Contracts are an essential part of civil transactions, defining the rights and obligations of the parties involved. However, not all contracts are legally valid. According to Vietnamese civil law, a contract may be invalid if it is falsified. This means the contract does not reflect the true intentions of the parties but is instead created to conceal another agreement or to avoid legal obligations.
Falsified contracts are quite common in practice and can cause legal disputes. Many people may not fully understand when a contract is considered falsified and what the consequences are. This article explains the concept of falsified contracts under Vietnamese law, their legal consequences, and some common situations where they arise. By understanding these issues, businesses and individuals can better protect their rights and avoid legal risks.

Invalid civil transactions (or contracts) due to falsification was mentioned in Article 124 of the Vietnam Civil Code, according to which:
1. Where parties enter into a civil transaction falsely for the purpose of concealing another civil transaction, such false transaction shall be invalid; notwithstanding, the transaction which is concealed shall be valid, unless it is also invalid pursuant to provisions of this Code or other relevant laws.
2. Where a civil transaction is falsely entered into for the purpose of evading responsibilities to a third person, such civil transaction shall be invalid.
According to Article 124, a falsified contract falls into two categories: one that is created to conceal another contract and one that is created to evade obligations to a third party. In these cases, the parties agree to establish a contract, but in reality, it is merely a facade. The true purpose is either to conceal another contract that they actually intend to perform or to avoid fulfilling an obligation to a third party. As a result, such a falsified contract does not reflect the parties’ true intentions.
This means that the parties involved do not want the third party to know the real nature of the transaction expressed in the falsified contract. Their goal may be to evade obligations or to conceal certain terms that would put them at a disadvantage if officially stated in a valid contract.
According to Clause 1, Article 124, a falsified contract shall be declared invalid. However, the concealed contract remains valid if it meets all the conditions specified in Article 117 of the 2015 Civil Code and does not fall into any other category of invalid contracts.
An example for a falsified contract would be: A company facing a legal claim from creditors may transfer assets to another company through a purchase agreement at an artificially low price to avoid asset seizure. Here, the contract is not a genuine business transaction but a means to evade financial obligations. Such a contract would be declared invalid under Article 124, potentially leading to legal consequences, including asset recovery by creditors.
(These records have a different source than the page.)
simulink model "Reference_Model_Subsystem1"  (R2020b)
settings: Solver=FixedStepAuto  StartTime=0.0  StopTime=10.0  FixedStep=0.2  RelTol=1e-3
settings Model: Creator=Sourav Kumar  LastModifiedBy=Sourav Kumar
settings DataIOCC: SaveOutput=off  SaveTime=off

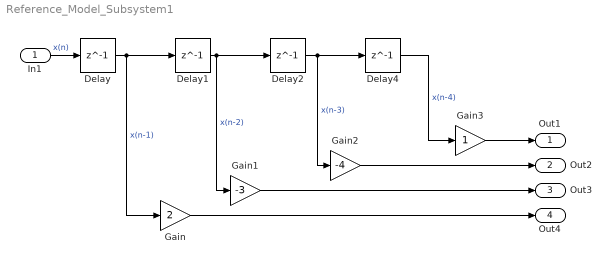
== system Reference_Model_Subsystem1 ==
  In1 : Inport  OutDataTypeStr=double  PortDimensions=1  SampleTime=[0,1]
  Delay{,1..2,4} (4 alike) : Delay  DelayLength=1
  Gain : Gain  Gain=2
  Gain1 : Gain  Gain=-3
  Gain2 : Gain  Gain=-4
  Gain3 : Gain
  Out1 : Outport  OutDataTypeStr=double  PortDimensions=1  SampleTime=[0.20000000000000001,0]
  Out2 : Outport  Port=2  OutDataTypeStr=double  PortDimensions=1  SampleTime=[0.20000000000000001,0]
  Out3 : Outport  Port=3  OutDataTypeStr=double  PortDimensions=1  SampleTime=[0.20000000000000001,0]
  Out4 : Outport  Port=4  OutDataTypeStr=double  PortDimensions=1  SampleTime=[0.20000000000000001,0]
  wires:
  Delay/1 -> Gain/1, Delay1/1  "x(n-1)"
  Delay4/1 -> Gain3/1  "x(n-4)"
  Gain1/1 -> Out3/1
  Gain/1 -> Out4/1
  Delay2/1 -> Delay4/1, Gain2/1  "x(n-3)"
  Delay1/1 -> Delay2/1, Gain1/1  "x(n-2)"
  In1/1 -> Delay/1  "x(n)"
  Gain2/1 -> Out2/1
  Gain3/1 -> Out1/1

When a contract is declared invalid, it is treated as if it never existed. The parties must return any exchanged assets or payments, or compensate if restoration is impossible. Businesses may face financial losses, operational disruptions, and potential legal penalties, especially if the contract was used to evade obligations. Invalid contracts can also affect third parties and damage a company’s reputation, making compliance essential to avoid costly risks.
It is important to ensure that a contract should align with the actual intent of the parties involved. If a company signs a contract that differs from its real business purpose—whether to manipulate taxes, conceal ownership, or avoid liabilities—it risks having the contract declared invalid.
To avoid the risk of signing a falsified contract, whether intentionally or unintentionally, businesses should strengthen their internal controls and compliance processes. This means regularly reviewing key contracts to identify potential legal issues, training employees on contract rules and risk management, and thoroughly verifying all agreements before signing to ensure they are valid and legally enforceable. By taking these steps, businesses can minimize legal risks and protect their interests in commercial transactions.